START RECORDS SUPPLIED

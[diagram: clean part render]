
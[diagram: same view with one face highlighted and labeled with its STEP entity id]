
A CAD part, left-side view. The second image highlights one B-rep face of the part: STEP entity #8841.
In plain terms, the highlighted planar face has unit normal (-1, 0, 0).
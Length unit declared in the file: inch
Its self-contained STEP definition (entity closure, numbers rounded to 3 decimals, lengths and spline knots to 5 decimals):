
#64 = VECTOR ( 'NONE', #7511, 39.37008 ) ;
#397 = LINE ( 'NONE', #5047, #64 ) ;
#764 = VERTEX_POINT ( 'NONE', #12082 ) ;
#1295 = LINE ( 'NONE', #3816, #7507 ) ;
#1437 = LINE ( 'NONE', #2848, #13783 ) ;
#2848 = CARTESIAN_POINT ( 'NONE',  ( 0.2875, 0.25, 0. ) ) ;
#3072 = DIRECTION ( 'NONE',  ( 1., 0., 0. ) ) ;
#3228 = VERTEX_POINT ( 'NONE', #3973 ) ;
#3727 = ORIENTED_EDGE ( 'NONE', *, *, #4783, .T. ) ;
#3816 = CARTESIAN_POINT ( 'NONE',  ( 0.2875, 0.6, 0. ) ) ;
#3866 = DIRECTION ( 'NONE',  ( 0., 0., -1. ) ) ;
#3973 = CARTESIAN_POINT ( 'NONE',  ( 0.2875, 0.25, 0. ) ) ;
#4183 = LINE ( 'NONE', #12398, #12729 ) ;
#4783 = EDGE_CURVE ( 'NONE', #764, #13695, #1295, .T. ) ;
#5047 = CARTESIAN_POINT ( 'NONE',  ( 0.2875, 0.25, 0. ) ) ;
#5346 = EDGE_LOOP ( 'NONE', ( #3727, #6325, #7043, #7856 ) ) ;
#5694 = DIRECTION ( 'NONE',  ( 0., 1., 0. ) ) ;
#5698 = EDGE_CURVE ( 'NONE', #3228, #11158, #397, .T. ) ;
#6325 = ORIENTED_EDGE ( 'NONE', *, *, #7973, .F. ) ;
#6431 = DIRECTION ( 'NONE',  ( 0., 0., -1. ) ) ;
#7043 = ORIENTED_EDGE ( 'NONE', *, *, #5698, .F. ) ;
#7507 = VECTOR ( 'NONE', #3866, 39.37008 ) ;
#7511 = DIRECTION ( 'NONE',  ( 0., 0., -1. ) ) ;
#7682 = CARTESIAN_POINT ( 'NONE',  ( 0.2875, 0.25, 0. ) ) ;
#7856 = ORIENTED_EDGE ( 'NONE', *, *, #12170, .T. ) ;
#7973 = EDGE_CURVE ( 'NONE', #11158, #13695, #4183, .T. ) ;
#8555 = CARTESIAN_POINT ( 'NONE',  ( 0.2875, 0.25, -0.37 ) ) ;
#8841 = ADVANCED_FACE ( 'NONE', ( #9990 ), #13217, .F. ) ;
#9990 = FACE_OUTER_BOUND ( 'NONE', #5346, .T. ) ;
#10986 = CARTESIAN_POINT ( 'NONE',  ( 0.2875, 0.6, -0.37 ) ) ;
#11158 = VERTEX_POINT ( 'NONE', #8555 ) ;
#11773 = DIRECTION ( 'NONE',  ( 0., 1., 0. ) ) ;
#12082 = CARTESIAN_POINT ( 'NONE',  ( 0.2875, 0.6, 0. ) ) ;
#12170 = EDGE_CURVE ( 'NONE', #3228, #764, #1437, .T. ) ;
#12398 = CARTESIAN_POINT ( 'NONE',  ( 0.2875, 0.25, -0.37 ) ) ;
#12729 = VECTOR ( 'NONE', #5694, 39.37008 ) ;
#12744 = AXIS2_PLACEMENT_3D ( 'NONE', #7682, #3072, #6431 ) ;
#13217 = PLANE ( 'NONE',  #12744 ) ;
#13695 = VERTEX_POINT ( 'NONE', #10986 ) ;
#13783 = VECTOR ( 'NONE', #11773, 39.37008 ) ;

END RECORDS SUPPLIED

PROBLEM TO SOLVE:
Search the entries above for the word "DIRECTION", and copy every line where it occurs.

TASK RESPONSE:
#3072 = DIRECTION ( 'NONE',  ( 1., 0., 0. ) ) ;
#3866 = DIRECTION ( 'NONE',  ( 0., 0., -1. ) ) ;
#5694 = DIRECTION ( 'NONE',  ( 0., 1., 0. ) ) ;
#6431 = DIRECTION ( 'NONE',  ( 0., 0., -1. ) ) ;
#7511 = DIRECTION ( 'NONE',  ( 0., 0., -1. ) ) ;
#11773 = DIRECTION ( 'NONE',  ( 0., 1., 0. ) ) ;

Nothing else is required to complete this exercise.